What you need to do -> From the entries that follow, reproduce exactly and only the lines from the line with "#173=VECTOR('',#172,1.);" to the line with "#207=DIRECTION('',(0.,0.,1.));", endpoints included.

Data supplied ->

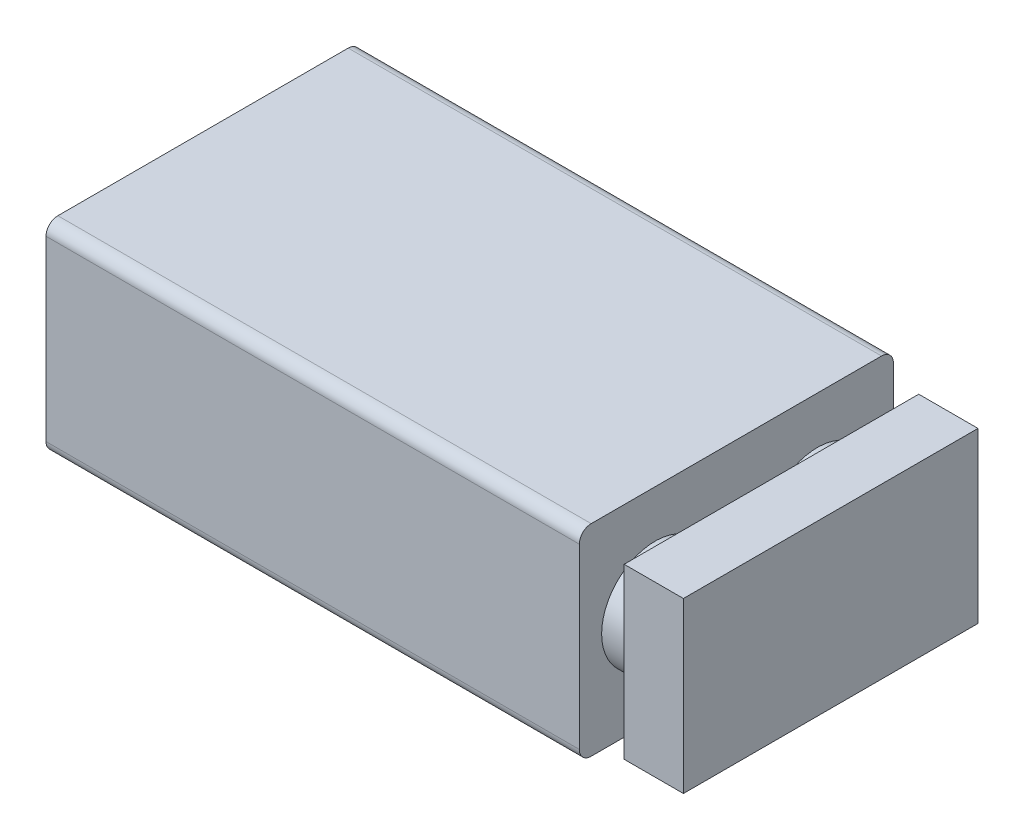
ISO-10303-21;
HEADER;
FILE_DESCRIPTION(('STEP AP214'),'2;1');
FILE_NAME('part.step','',(''),(''),'','','');
FILE_SCHEMA(('AUTOMOTIVE_DESIGN { 1 0 10303 214 1 1 1 1 }'));
ENDSEC;
DATA;
#1=APPLICATION_CONTEXT('core data for automotive mechanical design processes');
#2=APPLICATION_PROTOCOL_DEFINITION('international standard','automotive_design',2000,#1);
#3=PRODUCT_CONTEXT('',#1,'mechanical');
#4=PRODUCT('Part','Part','',(#3));
#5=PRODUCT_RELATED_PRODUCT_CATEGORY('part','',(#4));
#6=PRODUCT_DEFINITION_FORMATION('','',#4);
#7=PRODUCT_DEFINITION_CONTEXT('part definition',#1,'design');
#8=PRODUCT_DEFINITION('design','',#6,#7);
#9=PRODUCT_DEFINITION_SHAPE('','',#8);
#10=(LENGTH_UNIT() NAMED_UNIT(*) SI_UNIT(.MILLI.,.METRE.));
#11=(NAMED_UNIT(*) PLANE_ANGLE_UNIT() SI_UNIT($,.RADIAN.));
#12=(NAMED_UNIT(*) SI_UNIT($,.STERADIAN.) SOLID_ANGLE_UNIT());
#13=UNCERTAINTY_MEASURE_WITH_UNIT(LENGTH_MEASURE(1.E-05),#10,'distance_accuracy_value','');
#14=(GEOMETRIC_REPRESENTATION_CONTEXT(3) GLOBAL_UNCERTAINTY_ASSIGNED_CONTEXT((#13)) GLOBAL_UNIT_ASSIGNED_CONTEXT((#10,
#11,#12)) REPRESENTATION_CONTEXT('',''));
#15=CARTESIAN_POINT('',(0.,0.,0.));
#16=DIRECTION('',(0.,0.,1.));
#17=DIRECTION('',(1.,0.,0.));
#18=AXIS2_PLACEMENT_3D('',#15,#16,#17);
#19=CARTESIAN_POINT('',(0.,0.,26.5));
#20=DIRECTION('',(1.,0.,0.));
#21=DIRECTION('',(0.,0.,-1.));
#22=AXIS2_PLACEMENT_3D('',#19,#20,#21);
#23=PLANE('',#22);
#24=DIRECTION('',(0.,0.,-1.));
#25=VECTOR('',#24,1.);
#26=CARTESIAN_POINT('',(0.,17.,26.5));
#27=LINE('',#26,#25);
#28=CARTESIAN_POINT('',(0.,17.,25.5));
#29=VERTEX_POINT('',#28);
#30=CARTESIAN_POINT('',(0.,17.,1.));
#31=VERTEX_POINT('',#30);
#32=EDGE_CURVE('E168',#29,#31,#27,.T.);
#33=ORIENTED_EDGE('',*,*,#32,.T.);
#34=CARTESIAN_POINT('',(0.,16.,1.));
#35=DIRECTION('',(1.,0.,0.));
#36=DIRECTION('',(0.,0.,-1.));
#37=AXIS2_PLACEMENT_3D('',#34,#35,#36);
#38=CIRCLE('',#37,1.);
#39=CARTESIAN_POINT('',(0.,16.,0.));
#40=VERTEX_POINT('',#39);
#41=EDGE_CURVE('E200',#31,#40,#38,.F.);
#42=ORIENTED_EDGE('',*,*,#41,.T.);
#43=DIRECTION('',(0.,-1.,0.));
#44=VECTOR('',#43,1.);
#45=CARTESIAN_POINT('',(0.,0.,0.));
#46=LINE('',#45,#44);
#47=CARTESIAN_POINT('',(0.,1.,0.));
#48=VERTEX_POINT('',#47);
#49=EDGE_CURVE('E160',#40,#48,#46,.T.);
#50=ORIENTED_EDGE('',*,*,#49,.T.);
#51=CARTESIAN_POINT('',(0.,1.,1.));
#52=DIRECTION('',(1.,0.,0.));
#53=DIRECTION('',(0.,0.,-1.));
#54=AXIS2_PLACEMENT_3D('',#51,#52,#53);
#55=CIRCLE('',#54,1.);
#56=CARTESIAN_POINT('',(0.,0.,1.));
#57=VERTEX_POINT('',#56);
#58=EDGE_CURVE('E198',#48,#57,#55,.F.);
#59=ORIENTED_EDGE('',*,*,#58,.T.);
#60=DIRECTION('',(0.,0.,-1.));
#61=VECTOR('',#60,1.);
#62=CARTESIAN_POINT('',(0.,0.,26.5));
#63=LINE('',#62,#61);
#64=CARTESIAN_POINT('',(0.,0.,25.5));
#65=VERTEX_POINT('',#64);
#66=EDGE_CURVE('E180',#65,#57,#63,.T.);
#67=ORIENTED_EDGE('',*,*,#66,.F.);
#68=CARTESIAN_POINT('',(0.,1.,25.5));
#69=DIRECTION('',(1.,0.,0.));
#70=DIRECTION('',(0.,0.,-1.));
#71=AXIS2_PLACEMENT_3D('',#68,#69,#70);
#72=CIRCLE('',#71,1.);
#73=CARTESIAN_POINT('',(0.,1.,26.5));
#74=VERTEX_POINT('',#73);
#75=EDGE_CURVE('E194',#65,#74,#72,.F.);
#76=ORIENTED_EDGE('',*,*,#75,.T.);
#77=DIRECTION('',(0.,-1.,0.));
#78=VECTOR('',#77,1.);
#79=CARTESIAN_POINT('',(0.,0.,26.5));
#80=LINE('',#79,#78);
#81=CARTESIAN_POINT('',(0.,16.,26.5));
#82=VERTEX_POINT('',#81);
#83=EDGE_CURVE('E161',#82,#74,#80,.T.);
#84=ORIENTED_EDGE('',*,*,#83,.F.);
#85=CARTESIAN_POINT('',(0.,16.,25.5));
#86=DIRECTION('',(1.,0.,0.));
#87=DIRECTION('',(0.,0.,-1.));
#88=AXIS2_PLACEMENT_3D('',#85,#86,#87);
#89=CIRCLE('',#88,1.);
#90=EDGE_CURVE('E196',#82,#29,#89,.F.);
#91=ORIENTED_EDGE('',*,*,#90,.T.);
#92=EDGE_LOOP('',(#33,#42,#50,#59,#67,#76,#84,#91));
#93=FACE_BOUND('',#92,.T.);
#94=ADVANCED_FACE('F33',(#93),#23,.F.);
#95=CARTESIAN_POINT('',(0.,0.,26.5));
#96=DIRECTION('',(0.,1.,0.));
#97=DIRECTION('',(0.,0.,1.));
#98=AXIS2_PLACEMENT_3D('',#95,#96,#97);
#99=PLANE('',#98);
#100=ORIENTED_EDGE('',*,*,#66,.T.);
#101=DIRECTION('',(1.,0.,0.));
#102=VECTOR('',#101,1.);
#103=CARTESIAN_POINT('',(45.,0.,1.));
#104=LINE('',#103,#102);
#105=CARTESIAN_POINT('',(45.,0.,1.));
#106=VERTEX_POINT('',#105);
#107=EDGE_CURVE('E214',#57,#106,#104,.T.);
#108=ORIENTED_EDGE('',*,*,#107,.T.);
#109=DIRECTION('',(0.,0.,-1.));
#110=VECTOR('',#109,1.);
#111=CARTESIAN_POINT('',(45.,0.,26.5));
#112=LINE('',#111,#110);
#113=CARTESIAN_POINT('',(45.,0.,25.5));
#114=VERTEX_POINT('',#113);
#115=EDGE_CURVE('E178',#114,#106,#112,.T.);
#116=ORIENTED_EDGE('',*,*,#115,.F.);
#117=DIRECTION('',(1.,0.,0.));
#118=VECTOR('',#117,1.);
#119=CARTESIAN_POINT('',(0.,0.,25.5));
#120=LINE('',#119,#118);
#121=EDGE_CURVE('E212',#114,#65,#120,.F.);
#122=ORIENTED_EDGE('',*,*,#121,.T.);
#123=EDGE_LOOP('',(#100,#108,#116,#122));
#124=FACE_BOUND('',#123,.T.);
#125=ADVANCED_FACE('F234',(#124),#99,.F.);
#126=CARTESIAN_POINT('',(45.,0.,26.5));
#127=DIRECTION('',(-1.,0.,0.));
#128=DIRECTION('',(0.,0.,1.));
#129=AXIS2_PLACEMENT_3D('',#126,#127,#128);
#130=PLANE('',#129);
#131=CARTESIAN_POINT('',(45.,8.5,6.40499226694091));
#132=DIRECTION('',(-1.,0.,0.));
#133=DIRECTION('',(0.,0.,1.));
#134=AXIS2_PLACEMENT_3D('',#131,#132,#133);
#135=CIRCLE('',#134,4.52298364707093);
#136=CARTESIAN_POINT('',(45.,8.5,10.9279759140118));
#137=VERTEX_POINT('',#136);
#138=EDGE_CURVE('E186',#137,#137,#135,.F.);
#139=ORIENTED_EDGE('',*,*,#138,.F.);
#140=EDGE_LOOP('',(#139));
#141=FACE_BOUND('',#140,.T.);
#142=CARTESIAN_POINT('',(45.,8.5,20.0950077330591));
#143=DIRECTION('',(-1.,0.,0.));
#144=DIRECTION('',(0.,0.,1.));
#145=AXIS2_PLACEMENT_3D('',#142,#143,#144);
#146=CIRCLE('',#145,4.52298364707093);
#147=CARTESIAN_POINT('',(45.,8.5,24.61799138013));
#148=VERTEX_POINT('',#147);
#149=EDGE_CURVE('E183',#148,#148,#146,.F.);
#150=ORIENTED_EDGE('',*,*,#149,.F.);
#151=EDGE_LOOP('',(#150));
#152=FACE_BOUND('',#151,.T.);
#153=DIRECTION('',(0.,1.,0.));
#154=VECTOR('',#153,1.);
#155=CARTESIAN_POINT('',(45.,0.,0.));
#156=LINE('',#155,#154);
#157=CARTESIAN_POINT('',(45.,1.,0.));
#158=VERTEX_POINT('',#157);
#159=CARTESIAN_POINT('',(45.,16.,0.));
#160=VERTEX_POINT('',#159);
#161=EDGE_CURVE('E165',#158,#160,#156,.T.);
#162=ORIENTED_EDGE('',*,*,#161,.T.);
#163=CARTESIAN_POINT('',(45.,16.,1.));
#164=DIRECTION('',(-1.,0.,0.));
#165=DIRECTION('',(0.,0.,1.));
#166=AXIS2_PLACEMENT_3D('',#163,#164,#165);
#167=CIRCLE('',#166,1.);
#168=CARTESIAN_POINT('',(45.,17.,1.));
#169=VERTEX_POINT('',#168);
#170=EDGE_CURVE('E210',#160,#169,#167,.F.);
#171=ORIENTED_EDGE('',*,*,#170,.T.);
#172=DIRECTION('',(0.,0.,-1.));
#173=VECTOR('',#172,1.);
#174=CARTESIAN_POINT('',(45.,17.,26.5));
#175=LINE('',#174,#173);
#176=CARTESIAN_POINT('',(45.,17.,25.5));
#177=VERTEX_POINT('',#176);
#178=EDGE_CURVE('E175',#177,#169,#175,.T.);
#179=ORIENTED_EDGE('',*,*,#178,.F.);
#180=CARTESIAN_POINT('',(45.,16.,25.5));
#181=DIRECTION('',(-1.,0.,0.));
#182=DIRECTION('',(0.,0.,1.));
#183=AXIS2_PLACEMENT_3D('',#180,#181,#182);
#184=CIRCLE('',#183,1.);
#185=CARTESIAN_POINT('',(45.,16.,26.5));
#186=VERTEX_POINT('',#185);
#187=EDGE_CURVE('E207',#177,#186,#184,.F.);
#188=ORIENTED_EDGE('',*,*,#187,.T.);
#189=DIRECTION('',(0.,1.,0.));
#190=VECTOR('',#189,1.);
#191=CARTESIAN_POINT('',(45.,0.,26.5));
#192=LINE('',#191,#190);
#193=CARTESIAN_POINT('',(45.,1.,26.5));
#194=VERTEX_POINT('',#193);
#195=EDGE_CURVE('E164',#194,#186,#192,.T.);
#196=ORIENTED_EDGE('',*,*,#195,.F.);
#197=CARTESIAN_POINT('',(45.,1.,25.5));
#198=DIRECTION('',(-1.,0.,0.));
#199=DIRECTION('',(0.,0.,1.));
#200=AXIS2_PLACEMENT_3D('',#197,#198,#199);
#201=CIRCLE('',#200,1.);
#202=EDGE_CURVE('E56',#194,#114,#201,.F.);
#203=ORIENTED_EDGE('',*,*,#202,.T.);
#204=ORIENTED_EDGE('',*,*,#115,.T.);
#205=CARTESIAN_POINT('',(45.,1.,1.));
#206=DIRECTION('',(-1.,0.,0.));
#207=DIRECTION('',(0.,0.,1.));
#208=AXIS2_PLACEMENT_3D('',#205,#206,#207);
#209=CIRCLE('',#208,1.);
#210=EDGE_CURVE('E48',#106,#158,#209,.F.);
#211=ORIENTED_EDGE('',*,*,#210,.T.);
#212=EDGE_LOOP('',(#162,#171,#179,#188,#196,#203,#204,#211));
#213=FACE_BOUND('',#212,.T.);
#214=ADVANCED_FACE('F223',(#141,#152,#213),#130,.F.);
#215=CARTESIAN_POINT('',(0.,17.,26.5));
#216=DIRECTION('',(0.,-1.,0.));
#217=DIRECTION('',(0.,0.,-1.));
#218=AXIS2_PLACEMENT_3D('',#215,#216,#217);
#219=PLANE('',#218);
#220=ORIENTED_EDGE('',*,*,#178,.T.);
#221=DIRECTION('',(-1.,0.,0.));
#222=VECTOR('',#221,1.);
#223=CARTESIAN_POINT('',(0.,17.,1.));
#224=LINE('',#223,#222);
#225=EDGE_CURVE('E191',#169,#31,#224,.T.);
#226=ORIENTED_EDGE('',*,*,#225,.T.);
#227=ORIENTED_EDGE('',*,*,#32,.F.);
#228=DIRECTION('',(-1.,0.,0.));
#229=VECTOR('',#228,1.);
#230=CARTESIAN_POINT('',(0.,17.,25.5));
#231=LINE('',#230,#229);
#232=EDGE_CURVE('E189',#29,#177,#231,.F.);
#233=ORIENTED_EDGE('',*,*,#232,.T.);
#234=EDGE_LOOP('',(#220,#226,#227,#233));
#235=FACE_BOUND('',#234,.T.);
#236=ADVANCED_FACE('F247',(#235),#219,.F.);
#237=CARTESIAN_POINT('',(0.,0.,26.5));
#238=DIRECTION('',(0.,0.,-1.));
#239=DIRECTION('',(-1.,0.,0.));
#240=AXIS2_PLACEMENT_3D('',#237,#238,#239);
#241=PLANE('',#240);
#242=ORIENTED_EDGE('',*,*,#195,.T.);
#243=DIRECTION('',(-1.,0.,0.));
#244=VECTOR('',#243,1.);
#245=CARTESIAN_POINT('',(0.,16.,26.5));
#246=LINE('',#245,#244);
#247=EDGE_CURVE('E11',#186,#82,#246,.T.);
#248=ORIENTED_EDGE('',*,*,#247,.T.);
#249=ORIENTED_EDGE('',*,*,#83,.T.);
#250=DIRECTION('',(1.,0.,0.));
#251=VECTOR('',#250,1.);
#252=CARTESIAN_POINT('',(0.,1.,26.5));
#253=LINE('',#252,#251);
#254=EDGE_CURVE('E41',#74,#194,#253,.T.);
#255=ORIENTED_EDGE('',*,*,#254,.T.);
#256=EDGE_LOOP('',(#242,#248,#249,#255));
#257=FACE_BOUND('',#256,.T.);
#258=ADVANCED_FACE('F218',(#257),#241,.F.);
#259=CARTESIAN_POINT('',(0.,0.,0.));
#260=DIRECTION('',(0.,0.,-1.));
#261=DIRECTION('',(-1.,0.,0.));
#262=AXIS2_PLACEMENT_3D('',#259,#260,#261);
#263=PLANE('',#262);
#264=ORIENTED_EDGE('',*,*,#49,.F.);
#265=DIRECTION('',(-1.,0.,0.));
#266=VECTOR('',#265,1.);
#267=CARTESIAN_POINT('',(45.,16.,0.));
#268=LINE('',#267,#266);
#269=EDGE_CURVE('E204',#40,#160,#268,.F.);
#270=ORIENTED_EDGE('',*,*,#269,.T.);
#271=ORIENTED_EDGE('',*,*,#161,.F.);
#272=DIRECTION('',(1.,0.,0.));
#273=VECTOR('',#272,1.);
#274=CARTESIAN_POINT('',(0.,1.,0.));
#275=LINE('',#274,#273);
#276=EDGE_CURVE('E202',#158,#48,#275,.F.);
#277=ORIENTED_EDGE('',*,*,#276,.T.);
#278=EDGE_LOOP('',(#264,#270,#271,#277));
#279=FACE_BOUND('',#278,.T.);
#280=ADVANCED_FACE('F239',(#279),#263,.T.);
#281=CARTESIAN_POINT('',(48.,8.5,20.0950077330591));
#282=DIRECTION('',(-1.,0.,0.));
#283=DIRECTION('',(0.,0.,1.));
#284=AXIS2_PLACEMENT_3D('',#281,#282,#283);
#285=CYLINDRICAL_SURFACE('',#284,4.52298364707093);
#286=CARTESIAN_POINT('',(48.,8.5,20.0950077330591));
#287=DIRECTION('',(1.,0.,0.));
#288=DIRECTION('',(0.,0.,-1.));
#289=AXIS2_PLACEMENT_3D('',#286,#287,#288);
#290=CIRCLE('',#289,4.52298364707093);
#291=CARTESIAN_POINT('',(48.,8.5,15.5720240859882));
#292=VERTEX_POINT('',#291);
#293=EDGE_CURVE('E152',#292,#292,#290,.T.);
#294=ORIENTED_EDGE('',*,*,#293,.F.);
#295=EDGE_LOOP('',(#294));
#296=FACE_BOUND('',#295,.T.);
#297=ORIENTED_EDGE('',*,*,#149,.T.);
#298=EDGE_LOOP('',(#297));
#299=FACE_BOUND('',#298,.T.);
#300=ADVANCED_FACE('F287',(#296,#299),#285,.T.);
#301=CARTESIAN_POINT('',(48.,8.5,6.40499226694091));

Response to the exercise ->
#173=VECTOR('',#172,1.);
#174=CARTESIAN_POINT('',(45.,17.,26.5));
#175=LINE('',#174,#173);
#176=CARTESIAN_POINT('',(45.,17.,25.5));
#177=VERTEX_POINT('',#176);
#178=EDGE_CURVE('E175',#177,#169,#175,.T.);
#179=ORIENTED_EDGE('',*,*,#178,.F.);
#180=CARTESIAN_POINT('',(45.,16.,25.5));
#181=DIRECTION('',(-1.,0.,0.));
#182=DIRECTION('',(0.,0.,1.));
#183=AXIS2_PLACEMENT_3D('',#180,#181,#182);
#184=CIRCLE('',#183,1.);
#185=CARTESIAN_POINT('',(45.,16.,26.5));
#186=VERTEX_POINT('',#185);
#187=EDGE_CURVE('E207',#177,#186,#184,.F.);
#188=ORIENTED_EDGE('',*,*,#187,.T.);
#189=DIRECTION('',(0.,1.,0.));
#190=VECTOR('',#189,1.);
#191=CARTESIAN_POINT('',(45.,0.,26.5));
#192=LINE('',#191,#190);
#193=CARTESIAN_POINT('',(45.,1.,26.5));
#194=VERTEX_POINT('',#193);
#195=EDGE_CURVE('E164',#194,#186,#192,.T.);
#196=ORIENTED_EDGE('',*,*,#195,.F.);
#197=CARTESIAN_POINT('',(45.,1.,25.5));
#198=DIRECTION('',(-1.,0.,0.));
#199=DIRECTION('',(0.,0.,1.));
#200=AXIS2_PLACEMENT_3D('',#197,#198,#199);
#201=CIRCLE('',#200,1.);
#202=EDGE_CURVE('E56',#194,#114,#201,.F.);
#203=ORIENTED_EDGE('',*,*,#202,.T.);
#204=ORIENTED_EDGE('',*,*,#115,.T.);
#205=CARTESIAN_POINT('',(45.,1.,1.));
#206=DIRECTION('',(-1.,0.,0.));
#207=DIRECTION('',(0.,0.,1.));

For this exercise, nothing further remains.